Merely hours after the administration published the TPP’s 5,000-plus pages of text last month, the speed readers at K Street’s labor and environmental lobbies were proclaiming the deal “even worse” than expected. Endorsements by business groups have been few and far between, while criticism of the deal on Capitol Hill has been abundant and bipartisan. Meanwhile, likely 2016 Democratic presidential nominee Hillary Clinton, an architect and champion of the TPP as President Obama’s Secretary of State, recently concluded, “I can’t support this agreement.”

The TPP is a victim of bad strategy, poor execution, and excessive hubris. How else to characterize a trade deal that instantly offends the Senate Majority Leader and the Finance Committee Chairman — arguably, the two people whose support is most critical to TPP’s ratification? President Obama deserves much of the blame, although he was dealt a bad hand at the outset.

For economic and foreign policy reasons, trade liberalization has long been embraced by the occupant of the White House, regardless of political party. From the end of World War II until the early 1990s, there was broad bipartisan support for trade liberalization in the U.S. Congress, as well. During that period, eight successful rounds of multilateral liberalization were agreed under the auspices of the General Agreement of Tariffs and Trade (GATT) and ratified by Democratic and Republican congresses.

Triggered by the national debate over the North American Free Trade Agreement, the bipartisan pro-trade consensus began to break down in the early 1990s. Congressional Democrats — increasingly beholden to organized labor — started peeling off in opposition to the trade agenda. By 1998, Democrats had all but totally rejected trade agreements, when they voted overwhelmingly against renewing fast track trade negotiating authority for their own president, Bill Clinton.

Hillary Clinton knows that she is likely to be the primary beneficiary of a deferred TPP ratification vote.

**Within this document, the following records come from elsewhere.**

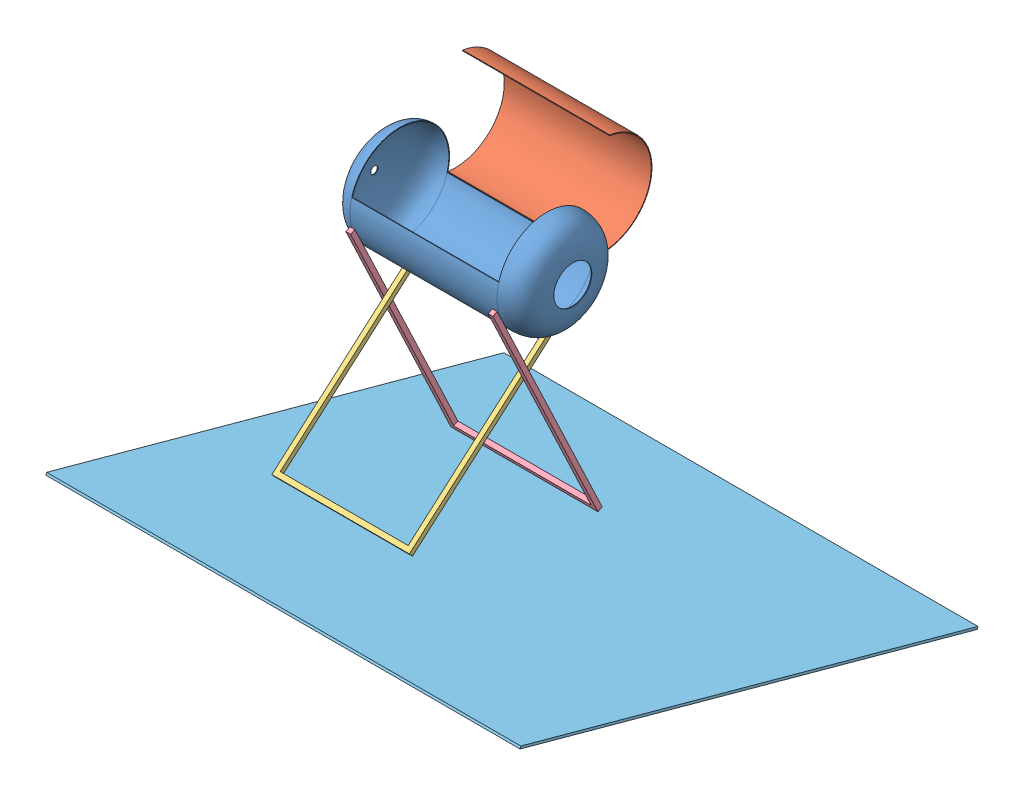
SolidWorks assembly Assem2, configuration Default. Lengths in mm.
Overall size (2054.95 1505.64 1931.78).
5 component instances, 5 part files, 9 mates.
Components (placement in the parent):
- ballon2-1: ballon2 [Default] at (365.4856 851.1865 1016.3885) x (1 0 0) z (0 0.263822 0.964571) size (1655.36 420 420)
- ballon3case-2: ballon3case [Default] at (365.4856 1394.7554 1036.9547) x (1 0 0) z (0 -0.988722 0.149761) size (620 210 420)
- keep 1-1: keep 1 [Default] at (428.2137 188.3548 1820.4315) x (1 0 0) z (0 -0.658375 0.75269) size (580 20 950)
- keep 2-1: keep 2 [Default] at (408.2137 2.7312 1108.9232) x (1 0 0) z (0 -0.903631 -0.428311) size (620 20 1035)
- bottom-1: bottom [Default] at (72.4493 327.7333 2551.8626) x (1 0 0) z (0 0.263822 0.964571) size (2000 10 2000)
Mates (geometry in assembly coordinates):
- Coincident3: coincident anti-aligned: line of ballon2-1 through (947.0695 878.2114 1115.1953) axis (-1 0 0); line of ballon3case-2 through (327.0695 878.2114 1115.1953) axis (1 0 0)
- Coincident4: coincident: point of ballon2-1; point of ballon3case-2
- Tangent1: tangent anti-aligned: cylinder of ballon2-1 through (-31.1065 933.614 1317.7553) axis (-1 0 0) radius 210; plane of keep 2-1 through (408.2137 2.7312 1108.9232) normal (0 0.428311 -0.903631)
- Tangent2: tangent anti-aligned: cylinder of ballon2-1 through (-31.1065 933.614 1317.7553) axis (-1 0 0) radius 210; plane of keep 1-1 through (428.2137 203.4086 1833.599) normal (0 0.75269 0.658375)
- Distance1: distance = 900 mm aligned: plane of ballon2-1 through (1970.3271 1045.7542 1727.7559) normal (0 0.964571 -0.263822); plane of bottom-1 through (72.4493 337.379 2549.2243) normal (0 0.964571 -0.263822)
- Coincident7: coincident: line of keep 1-1 through (347.0695 150.0293 1864.2472) axis (1 0 0); plane of bottom-1 through (72.4493 337.379 2549.2243) normal (0 0.964571 -0.263822)
- Coincident8: coincident: line of keep 2-1 through (327.0695 -58.4374 1102.063) axis (1 0 0); plane of bottom-1 through (72.4493 337.379 2549.2243) normal (0 0.964571 -0.263822)
- Coincident9: coincident anti-aligned: plane of ballon2-1 through (327.0695 851.1865 1016.3885) normal (1 0 0); plane of keep 2-1 through (327.0695 876.8212 1545.3646) normal (-1 0 0)
- Coincident10: coincident anti-aligned: plane of keep 1-1 through (927.0695 165.0832 1877.4147) normal (1 0 0); plane of keep 2-1 through (927.0695 876.8212 1545.3646) normal (-1 0 0)

The mood only worsened over the ensuing decade, so when President Obama took office in 2009, congressional Democrats were more rabidly anti-trade than ever before. They had succeeded in derailing the last two years of the Bush administration’s trade agenda, stranding three completed bilateral agreements with Colombia, Panama, and South Korea. So, later that year, it was difficult to take President Obama seriously when he announced his intention to pursue a Trans-Pacific Partnership agreement. After all, he had shown no willingness to shepherd the stranded bilateral deals through Congress, which would have to be ratified before any subsequent negotiating partner would be willing to enter a new trade agreement with the United States.

The president seemed to want to avoid making waves with then-House Speaker Nancy Pelosi and then-Senate Majority Leader Harry Reid, who reminded him that trade was an issue that divided congressional Democrats and united Republicans, so better to just avoid the subject. Ratification of the TPP is in doubt today because the president religiously heeded that advice for six years.

For six years, as the TPP negotiations were progressing, the president said little about the benefits of trade and the importance of the TPP. He refused to engage congressional leadership about renewing trade promotion authority. So averse was the president to making an affirmative case for his trade agenda that he convinced himself that he could quietly conclude the TPP, show it to Congress, and by virtue of its awesomeness be granted trade promotion authority without so much as a debate.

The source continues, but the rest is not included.